• _Task to complete_: Which lines below contain "name"? Copy every one of them.

• _Source data_:
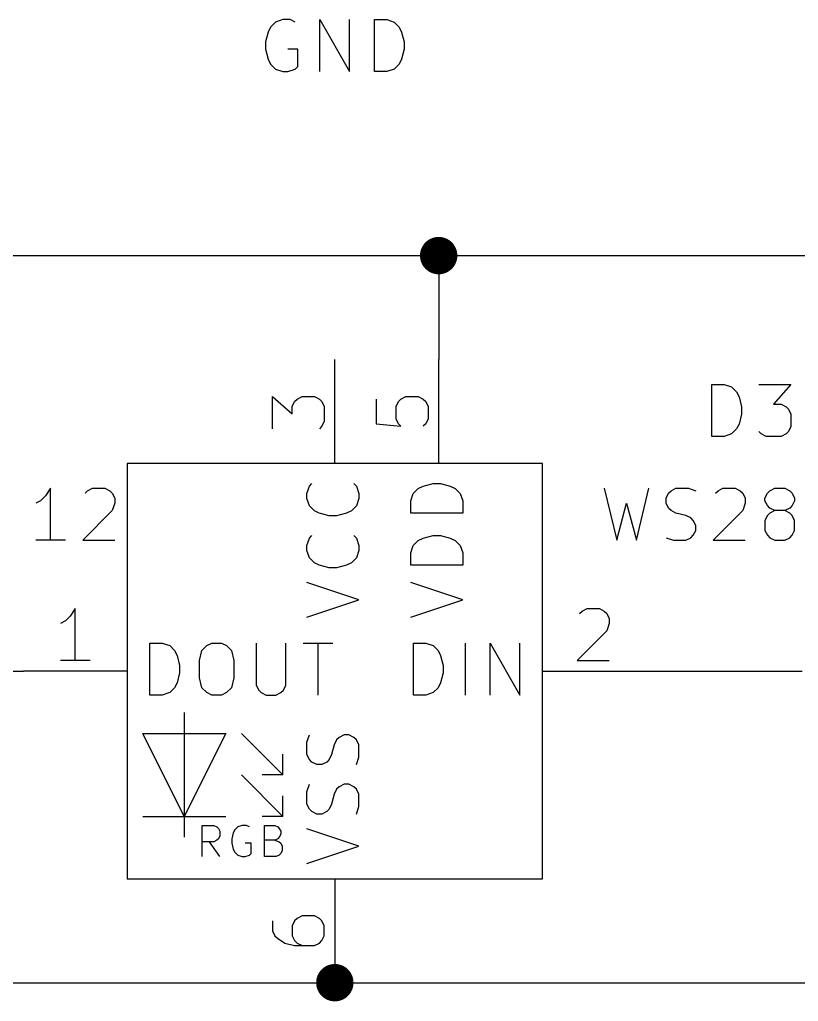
# Model space of a CAD drawing. Extents: x 0.4 to 11.3, y -7.9 to -0.4.
# Drawn here: x 2.596 to 3.346, y -3.768 to -2.823 of the extents above; entities that cross this region are included whole.
import ezdxf

# ---------------------------------------------------------------- set-up
doc = ezdxf.new("R2010")
doc.units = 0
doc.header["$MEASUREMENT"] = 0
for name, color, linetype in [('CYAN2', 4, 'CONTINUOUS'), ('GREEN3', 91, 'CONTINUOUS'), ('LYELLOW', 51, 'CONTINUOUS'), ('RED2', 1, 'CONTINUOUS'), ('RED3', 11, 'CONTINUOUS')]:
    doc.layers.add(name, color=color, linetype=linetype)

msp = doc.modelspace()

# ---------------------------------------------------------------- linework, layer by layer
at = {"layer": 'CYAN2', "linetype": 'CONTINUOUS'}
for p, q in [((2.84286, -2.82519), (2.83809, -2.82995)), ((2.84286, -2.82519), (2.83809, -2.82995)), ((2.85, -2.8228), (2.84286, -2.82519)), ((2.85, -2.8228), (2.84286, -2.82519)), ((2.85714, -2.8228), (2.85, -2.8228)), ((2.85714, -2.8228), (2.85, -2.8228)), ((2.86191, -2.82519), (2.85714, -2.8228)), ((2.86191, -2.82519), (2.85714, -2.8228)), ((2.88571, -2.8728), (2.88571, -2.8228)), ((2.88571, -2.8228), (2.91428, -2.8728)), ((2.88571, -2.8728), (2.88571, -2.8228)), ((2.88571, -2.8228), (2.91428, -2.8728)), ((2.91428, -2.8728), (2.91428, -2.8228)), ((2.91428, -2.8728), (2.91428, -2.8228)), ((2.93809, -2.8728), (2.93809, -2.8228)), ((2.93809, -2.8228), (2.95, -2.8228)), ((2.93809, -2.8728), (2.93809, -2.8228)), ((2.93809, -2.8228), (2.95, -2.8228)), ((2.95, -2.8228), (2.95714, -2.82519)), ((2.95, -2.8228), (2.95714, -2.82519)), ((2.95714, -2.82519), (2.96191, -2.82995)), ((2.95714, -2.82519), (2.96191, -2.82995)), ((2.83571, -2.83471), (2.83333, -2.84423)), ((2.83571, -2.83471), (2.83333, -2.84423)), ((2.83809, -2.82995), (2.83571, -2.83471)), ((2.83809, -2.82995), (2.83571, -2.83471)), ((2.96191, -2.82995), (2.96429, -2.83471)), ((2.96191, -2.82995), (2.96429, -2.83471)), ((2.96429, -2.83471), (2.96667, -2.84423)), ((2.96429, -2.83471), (2.96667, -2.84423)), ((2.83333, -2.84423), (2.83333, -2.85137)), ((2.83333, -2.84423), (2.83333, -2.85137)), ((2.96667, -2.84423), (2.96667, -2.85137)), ((2.96667, -2.84423), (2.96667, -2.85137)), ((2.83333, -2.85137), (2.83571, -2.8609)), ((2.83333, -2.85137), (2.83571, -2.8609)), ((2.86428, -2.85137), (2.85476, -2.85137)), ((2.86428, -2.85137), (2.85476, -2.85137)), ((2.86428, -2.86804), (2.86428, -2.85137)), ((2.86428, -2.86804), (2.86428, -2.85137)), ((2.96667, -2.85137), (2.96429, -2.8609)), ((2.96667, -2.85137), (2.96429, -2.8609)), ((2.83571, -2.8609), (2.83809, -2.86566)), ((2.83571, -2.8609), (2.83809, -2.86566)), ((2.96429, -2.8609), (2.96191, -2.86566)), ((2.96429, -2.8609), (2.96191, -2.86566)), ((2.83809, -2.86566), (2.84286, -2.87043)), ((2.83809, -2.86566), (2.84286, -2.87043)), ((2.84286, -2.87043), (2.85, -2.8728)), ((2.84286, -2.87043), (2.85, -2.8728)), ((2.85, -2.8728), (2.85476, -2.8728)), ((2.85, -2.8728), (2.85476, -2.8728)), ((2.85476, -2.8728), (2.86191, -2.87043)), ((2.85476, -2.8728), (2.86191, -2.87043)), ((2.86191, -2.87043), (2.86428, -2.86804)), ((2.86191, -2.87043), (2.86428, -2.86804)), ((2.95, -2.8728), (2.93809, -2.8728)), ((2.95, -2.8728), (2.93809, -2.8728)), ((2.95714, -2.87043), (2.95, -2.8728)), ((2.95714, -2.87043), (2.95, -2.8728)), ((2.96191, -2.86566), (2.95714, -2.87043)), ((2.96191, -2.86566), (2.95714, -2.87043)), ((3.26309, -3.22404), (3.26309, -3.17404)), ((3.26309, -3.17404), (3.275, -3.17404)), ((3.26309, -3.22404), (3.26309, -3.17404)), ((3.26309, -3.17404), (3.275, -3.17404)), ((3.275, -3.17404), (3.28214, -3.17642)), ((3.275, -3.17404), (3.28214, -3.17642)), ((3.30833, -3.17404), (3.33928, -3.17404)), ((3.30833, -3.17404), (3.33928, -3.17404)), ((3.33928, -3.17404), (3.32261, -3.19309)), ((3.33928, -3.17404), (3.32261, -3.19309)), ((3.28214, -3.17642), (3.2869, -3.18119)), ((3.28214, -3.17642), (3.2869, -3.18119)), ((3.2869, -3.18119), (3.28928, -3.18594)), ((3.2869, -3.18119), (3.28928, -3.18594)), ((3.28928, -3.18594), (3.29166, -3.19547)), ((3.28928, -3.18594), (3.29166, -3.19547)), ((3.32261, -3.19309), (3.32976, -3.19309)), ((3.32261, -3.19309), (3.32976, -3.19309)), ((3.32976, -3.19309), (3.33452, -3.19547)), ((3.32976, -3.19309), (3.33452, -3.19547)), ((3.29166, -3.20261), (3.28928, -3.21213)), ((3.29166, -3.20261), (3.28928, -3.21213)), ((3.29166, -3.19547), (3.29166, -3.20261)), ((3.29166, -3.19547), (3.29166, -3.20261)), ((3.33452, -3.19547), (3.3369, -3.19785)), ((3.33452, -3.19547), (3.3369, -3.19785)), ((3.3369, -3.19785), (3.33928, -3.20261)), ((3.3369, -3.19785), (3.33928, -3.20261)), ((3.33928, -3.20261), (3.33928, -3.21452)), ((3.33928, -3.20261), (3.33928, -3.21452)), ((3.28928, -3.21213), (3.2869, -3.2169)), ((3.28928, -3.21213), (3.2869, -3.2169)), ((3.28214, -3.22166), (3.275, -3.22404)), ((3.28214, -3.22166), (3.275, -3.22404)), ((3.2869, -3.2169), (3.28214, -3.22166)), ((3.2869, -3.2169), (3.28214, -3.22166)), ((3.31071, -3.22166), (3.30833, -3.21928)), ((3.31071, -3.22166), (3.30833, -3.21928)), ((3.31547, -3.22404), (3.31071, -3.22166)), ((3.31547, -3.22404), (3.31071, -3.22166)), ((3.33452, -3.22166), (3.32976, -3.22404)), ((3.33452, -3.22166), (3.32976, -3.22404)), ((3.3369, -3.21928), (3.33452, -3.22166)), ((3.3369, -3.21928), (3.33452, -3.22166)), ((3.33928, -3.21452), (3.3369, -3.21928)), ((3.33928, -3.21452), (3.3369, -3.21928)), ((3.275, -3.22404), (3.26309, -3.22404)), ((3.275, -3.22404), (3.26309, -3.22404)), ((3.32976, -3.22404), (3.31547, -3.22404)), ((3.32976, -3.22404), (3.31547, -3.22404)), ((2.87551, -3.2719), (2.87789, -3.26952)), ((2.87551, -3.2719), (2.87789, -3.26952)), ((2.91837, -3.26952), (2.92075, -3.2719)), ((2.91837, -3.26952), (2.92075, -3.2719)), ((2.98504, -3.2719), (2.99456, -3.26952)), ((2.98504, -3.2719), (2.99456, -3.26952)), ((2.99456, -3.26952), (3.0017, -3.26952)), ((2.99456, -3.26952), (3.0017, -3.26952)), ((3.0017, -3.26952), (3.01122, -3.2719)), ((3.0017, -3.26952), (3.01122, -3.2719)), ((2.62619, -3.27404), (2.62143, -3.28119)), ((2.62619, -3.27404), (2.62143, -3.28119)), ((2.62619, -3.32404), (2.62619, -3.27404)), ((2.62619, -3.32404), (2.62619, -3.27404)), ((2.65952, -3.2788), (2.6619, -3.27642)), ((2.65952, -3.2788), (2.6619, -3.27642)), ((2.6619, -3.27642), (2.66666, -3.27404)), ((2.6619, -3.27642), (2.66666, -3.27404)), ((2.66666, -3.27404), (2.67857, -3.27404)), ((2.66666, -3.27404), (2.67857, -3.27404)), ((2.67857, -3.27404), (2.68333, -3.27642)), ((2.67857, -3.27404), (2.68333, -3.27642)), ((2.68333, -3.27642), (2.68571, -3.2788)), ((2.68333, -3.27642), (2.68571, -3.2788)), ((2.68571, -3.2788), (2.68809, -3.28356)), ((2.68571, -3.2788), (2.68809, -3.28356)), ((2.87313, -3.27905), (2.87551, -3.2719)), ((2.87313, -3.27905), (2.87551, -3.2719)), ((2.87313, -3.28381), (2.87313, -3.27905)), ((2.87313, -3.28381), (2.87313, -3.27905)), ((2.92075, -3.2719), (2.92313, -3.27905)), ((2.92075, -3.2719), (2.92313, -3.27905)), ((2.92313, -3.27905), (2.92313, -3.28381)), ((2.92313, -3.27905), (2.92313, -3.28381)), ((2.97313, -3.28619), (2.97551, -3.27905)), ((2.97313, -3.28619), (2.97551, -3.27905)), ((2.97551, -3.27905), (2.98028, -3.27428)), ((2.97551, -3.27905), (2.98028, -3.27428)), ((2.98028, -3.27428), (2.98504, -3.2719)), ((2.98028, -3.27428), (2.98504, -3.2719)), ((3.01122, -3.2719), (3.01599, -3.27428)), ((3.01122, -3.2719), (3.01599, -3.27428)), ((3.01599, -3.27428), (3.02075, -3.27905)), ((3.01599, -3.27428), (3.02075, -3.27905)), ((3.02075, -3.27905), (3.02313, -3.28619)), ((3.02075, -3.27905), (3.02313, -3.28619)), ((3.15952, -3.27404), (3.17143, -3.32404)), ((3.15952, -3.27404), (3.17143, -3.32404)), ((3.19048, -3.32404), (3.20238, -3.27404)), ((3.19048, -3.32404), (3.20238, -3.27404)), ((3.21905, -3.28356), (3.22143, -3.2788)), ((3.21905, -3.28356), (3.22143, -3.2788)), ((3.22143, -3.2788), (3.22381, -3.27642)), ((3.22143, -3.2788), (3.22381, -3.27642)), ((3.22381, -3.27642), (3.22857, -3.27404)), ((3.22381, -3.27642), (3.22857, -3.27404)), ((3.22857, -3.27404), (3.24047, -3.27404)), ((3.22857, -3.27404), (3.24047, -3.27404)), ((3.24047, -3.27404), (3.24762, -3.27642)), ((3.24047, -3.27404), (3.24762, -3.27642)), ((3.26667, -3.2788), (3.26904, -3.27642)), ((3.26667, -3.2788), (3.26904, -3.27642)), ((3.26904, -3.27642), (3.27381, -3.27404)), ((3.26904, -3.27642), (3.27381, -3.27404)), ((3.27381, -3.27404), (3.28571, -3.27404)), ((3.27381, -3.27404), (3.28571, -3.27404)), ((3.28571, -3.27404), (3.29047, -3.27642)), ((3.28571, -3.27404), (3.29047, -3.27642)), ((3.29047, -3.27642), (3.29285, -3.2788)), ((3.29047, -3.27642), (3.29285, -3.2788)), ((3.29285, -3.2788), (3.29524, -3.28356)), ((3.29285, -3.2788), (3.29524, -3.28356)), ((3.31428, -3.28356), (3.31666, -3.2788)), ((3.31428, -3.28356), (3.31666, -3.2788)), ((3.31666, -3.2788), (3.31904, -3.27642)), ((3.31666, -3.2788), (3.31904, -3.27642)), ((3.31904, -3.27642), (3.32381, -3.27404)), ((3.31904, -3.27642), (3.32381, -3.27404)), ((3.32381, -3.27404), (3.33333, -3.27404)), ((3.32381, -3.27404), (3.33333, -3.27404)), ((3.33333, -3.27404), (3.33809, -3.27642)), ((3.33333, -3.27404), (3.33809, -3.27642)), ((3.33809, -3.27642), (3.34047, -3.2788)), ((3.33809, -3.27642), (3.34047, -3.2788)), ((3.34047, -3.2788), (3.34285, -3.28356)), ((3.34047, -3.2788), (3.34285, -3.28356)), ((2.61666, -3.28594), (2.6119, -3.28833)), ((2.61666, -3.28594), (2.6119, -3.28833)), ((2.62143, -3.28119), (2.61666, -3.28594)), ((2.62143, -3.28119), (2.61666, -3.28594)), ((2.68809, -3.28833), (2.68571, -3.29547)), ((2.68809, -3.28833), (2.68571, -3.29547)), ((2.68809, -3.28356), (2.68809, -3.28833)), ((2.68809, -3.28356), (2.68809, -3.28833)), ((2.87551, -3.29095), (2.87313, -3.28381)), ((2.87551, -3.29095), (2.87313, -3.28381)), ((2.92313, -3.28381), (2.92075, -3.29095)), ((2.92313, -3.28381), (2.92075, -3.29095)), ((2.97313, -3.29809), (2.97313, -3.28619)), ((2.97313, -3.29809), (2.97313, -3.28619)), ((3.02313, -3.28619), (3.02313, -3.29809)), ((3.02313, -3.28619), (3.02313, -3.29809)), ((3.17143, -3.32404), (3.18095, -3.28833)), ((3.17143, -3.32404), (3.18095, -3.28833)), ((3.18095, -3.28833), (3.19048, -3.32404)), ((3.18095, -3.28833), (3.19048, -3.32404)), ((3.21905, -3.28833), (3.21905, -3.28356)), ((3.21905, -3.28833), (3.21905, -3.28356)), ((3.22143, -3.29309), (3.21905, -3.28833)), ((3.22143, -3.29309), (3.21905, -3.28833)), ((3.29524, -3.28833), (3.29285, -3.29547)), ((3.29524, -3.28833), (3.29285, -3.29547)), ((3.29524, -3.28356), (3.29524, -3.28833)), ((3.29524, -3.28356), (3.29524, -3.28833)), ((3.31428, -3.28594), (3.31428, -3.28356)), ((3.31428, -3.28594), (3.31428, -3.28356)), ((3.31666, -3.29071), (3.31428, -3.28594)), ((3.31666, -3.29071), (3.31428, -3.28594)), ((3.34285, -3.28594), (3.34047, -3.29071)), ((3.34285, -3.28594), (3.34047, -3.29071)), ((3.34285, -3.28356), (3.34285, -3.28594)), ((3.34285, -3.28356), (3.34285, -3.28594)), ((2.68571, -3.29547), (2.65714, -3.32404)), ((2.68571, -3.29547), (2.65714, -3.32404)), ((2.88028, -3.29571), (2.87551, -3.29095)), ((2.88028, -3.29571), (2.87551, -3.29095)), ((2.88504, -3.29809), (2.88028, -3.29571)), ((2.88504, -3.29809), (2.88028, -3.29571)), ((2.89456, -3.30047), (2.88504, -3.29809)), ((2.89456, -3.30047), (2.88504, -3.29809)), ((2.91122, -3.29809), (2.9017, -3.30047)), ((2.91122, -3.29809), (2.9017, -3.30047)), ((2.91599, -3.29571), (2.91122, -3.29809)), ((2.91599, -3.29571), (2.91122, -3.29809)), ((2.92075, -3.29095), (2.91599, -3.29571)), ((2.92075, -3.29095), (2.91599, -3.29571)), ((3.02313, -3.29809), (2.97313, -3.29809)), ((3.02313, -3.29809), (2.97313, -3.29809)), ((3.22381, -3.29547), (3.22143, -3.29309)), ((3.22381, -3.29547), (3.22143, -3.29309)), ((3.22857, -3.29785), (3.22381, -3.29547)), ((3.22857, -3.29785), (3.22381, -3.29547)), ((3.23809, -3.30023), (3.22857, -3.29785)), ((3.23809, -3.30023), (3.22857, -3.29785)), ((3.29285, -3.29547), (3.26428, -3.32404)), ((3.29285, -3.29547), (3.26428, -3.32404)), ((3.31904, -3.29309), (3.31666, -3.29071)), ((3.31904, -3.29309), (3.31666, -3.29071)), ((3.31904, -3.29785), (3.31666, -3.30023)), ((3.31904, -3.29785), (3.31666, -3.30023)), ((3.32381, -3.29547), (3.31904, -3.29309)), ((3.32381, -3.29547), (3.31904, -3.29309)), ((3.32381, -3.29547), (3.31904, -3.29785)), ((3.32381, -3.29547), (3.31904, -3.29785)), ((3.33333, -3.29547), (3.32381, -3.29547)), ((3.33333, -3.29547), (3.32381, -3.29547)), ((3.33809, -3.29309), (3.33333, -3.29547)), ((3.33809, -3.29309), (3.33333, -3.29547)), ((3.33809, -3.29785), (3.33333, -3.29547)), ((3.33809, -3.29785), (3.33333, -3.29547)), ((3.34047, -3.29071), (3.33809, -3.29309)), ((3.34047, -3.29071), (3.33809, -3.29309)), ((3.34047, -3.30023), (3.33809, -3.29785)), ((3.34047, -3.30023), (3.33809, -3.29785)), ((2.9017, -3.30047), (2.89456, -3.30047)), ((2.9017, -3.30047), (2.89456, -3.30047)), ((3.24285, -3.30261), (3.23809, -3.30023)), ((3.24285, -3.30261), (3.23809, -3.30023)), ((3.24524, -3.30499), (3.24285, -3.30261)), ((3.24524, -3.30499), (3.24285, -3.30261)), ((3.24762, -3.30976), (3.24524, -3.30499)), ((3.24762, -3.30976), (3.24524, -3.30499)), ((3.31666, -3.30023), (3.31428, -3.30499)), ((3.31666, -3.30023), (3.31428, -3.30499)), ((3.31428, -3.30499), (3.31428, -3.31452)), ((3.31428, -3.30499), (3.31428, -3.31452)), ((3.34285, -3.30499), (3.34047, -3.30023)), ((3.34285, -3.30499), (3.34047, -3.30023)), ((3.34285, -3.31452), (3.34285, -3.30499)), ((3.34285, -3.31452), (3.34285, -3.30499)), ((3.24524, -3.31928), (3.24762, -3.31452)), ((3.24524, -3.31928), (3.24762, -3.31452)), ((3.24762, -3.31452), (3.24762, -3.30976)), ((3.24762, -3.31452), (3.24762, -3.30976)), ((3.31428, -3.31452), (3.31666, -3.31928)), ((3.31428, -3.31452), (3.31666, -3.31928)), ((3.34047, -3.31928), (3.34285, -3.31452)), ((3.34047, -3.31928), (3.34285, -3.31452)), ((2.64047, -3.32404), (2.6119, -3.32404)), ((2.64047, -3.32404), (2.6119, -3.32404)), ((2.65714, -3.32404), (2.68809, -3.32404)), ((2.65714, -3.32404), (2.68809, -3.32404)), ((2.87313, -3.32905), (2.87551, -3.3219)), ((2.87313, -3.32905), (2.87551, -3.3219)), ((2.87551, -3.3219), (2.87789, -3.31952)), ((2.87551, -3.3219), (2.87789, -3.31952)), ((2.91837, -3.31952), (2.92075, -3.3219)), ((2.91837, -3.31952), (2.92075, -3.3219)), ((2.92075, -3.3219), (2.92313, -3.32905)), ((2.92075, -3.3219), (2.92313, -3.32905)), ((2.97551, -3.32905), (2.98028, -3.32428)), ((2.97551, -3.32905), (2.98028, -3.32428)), ((2.98028, -3.32428), (2.98504, -3.3219)), ((2.98028, -3.32428), (2.98504, -3.3219)), ((2.98504, -3.3219), (2.99456, -3.31952)), ((2.98504, -3.3219), (2.99456, -3.31952)), ((2.99456, -3.31952), (3.0017, -3.31952)), ((2.99456, -3.31952), (3.0017, -3.31952)), ((3.0017, -3.31952), (3.01122, -3.3219)), ((3.0017, -3.31952), (3.01122, -3.3219)), ((3.01122, -3.3219), (3.01599, -3.32428)), ((3.01122, -3.3219), (3.01599, -3.32428)), ((3.01599, -3.32428), (3.02075, -3.32905)), ((3.01599, -3.32428), (3.02075, -3.32905)), ((3.21905, -3.32166), (3.22619, -3.32404)), ((3.21905, -3.32166), (3.22619, -3.32404)), ((3.22619, -3.32404), (3.23809, -3.32404)), ((3.22619, -3.32404), (3.23809, -3.32404)), ((3.23809, -3.32404), (3.24285, -3.32166)), ((3.23809, -3.32404), (3.24285, -3.32166)), ((3.24285, -3.32166), (3.24524, -3.31928)), ((3.24285, -3.32166), (3.24524, -3.31928)), ((3.26428, -3.32404), (3.29524, -3.32404)), ((3.26428, -3.32404), (3.29524, -3.32404)), ((3.31666, -3.31928), (3.31904, -3.32166)), ((3.31666, -3.31928), (3.31904, -3.32166)), ((3.31904, -3.32166), (3.32381, -3.32404)), ((3.31904, -3.32166), (3.32381, -3.32404)), ((3.32381, -3.32404), (3.33333, -3.32404)), ((3.32381, -3.32404), (3.33333, -3.32404)), ((3.33333, -3.32404), (3.33809, -3.32166)), ((3.33333, -3.32404), (3.33809, -3.32166)), ((3.33809, -3.32166), (3.34047, -3.31928)), ((3.33809, -3.32166), (3.34047, -3.31928)), ((2.87313, -3.33381), (2.87313, -3.32905)), ((2.87313, -3.33381), (2.87313, -3.32905)), ((2.87551, -3.34095), (2.87313, -3.33381)), ((2.87551, -3.34095), (2.87313, -3.33381)), ((2.92313, -3.33381), (2.92075, -3.34095)), ((2.92313, -3.33381), (2.92075, -3.34095)), ((2.92313, -3.32905), (2.92313, -3.33381)), ((2.92313, -3.32905), (2.92313, -3.33381)), ((2.97313, -3.33619), (2.97551, -3.32905)), ((2.97313, -3.33619), (2.97551, -3.32905)), ((2.97313, -3.34809), (2.97313, -3.33619)), ((2.97313, -3.34809), (2.97313, -3.33619)), ((3.02075, -3.32905), (3.02313, -3.33619)), ((3.02075, -3.32905), (3.02313, -3.33619)), ((3.02313, -3.33619), (3.02313, -3.34809)), ((3.02313, -3.33619), (3.02313, -3.34809)), ((2.88028, -3.34571), (2.87551, -3.34095)), ((2.88028, -3.34571), (2.87551, -3.34095)), ((2.88504, -3.34809), (2.88028, -3.34571)), ((2.88504, -3.34809), (2.88028, -3.34571)), ((2.91599, -3.34571), (2.91122, -3.34809)), ((2.91599, -3.34571), (2.91122, -3.34809)), ((2.92075, -3.34095), (2.91599, -3.34571)), ((2.92075, -3.34095), (2.91599, -3.34571)), ((2.89456, -3.35047), (2.88504, -3.34809)), ((2.89456, -3.35047), (2.88504, -3.34809)), ((2.9017, -3.35047), (2.89456, -3.35047)), ((2.9017, -3.35047), (2.89456, -3.35047)), ((2.91122, -3.34809), (2.9017, -3.35047)), ((2.91122, -3.34809), (2.9017, -3.35047)), ((3.02313, -3.34809), (2.97313, -3.34809)), ((3.02313, -3.34809), (2.97313, -3.34809)), ((2.92313, -3.38143), (2.87313, -3.36476)), ((2.92313, -3.38143), (2.87313, -3.36476)), ((3.02313, -3.38143), (2.97313, -3.36476)), ((3.02313, -3.38143), (2.97313, -3.36476)), ((2.87313, -3.39809), (2.92313, -3.38143)), ((2.87313, -3.39809), (2.92313, -3.38143)), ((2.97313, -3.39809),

• _Answer space_:
for name, color, linetype in [('CYAN2', 4, 'CONTINUOUS'), ('GREEN3', 91, 'CONTINUOUS'), ('LYELLOW', 51, 'CONTINUOUS'), ('RED2', 1, 'CONTINUOUS'), ('RED3', 11, 'CONTINUOUS')]:
    doc.layers.add(name, color=color, linetype=linetype)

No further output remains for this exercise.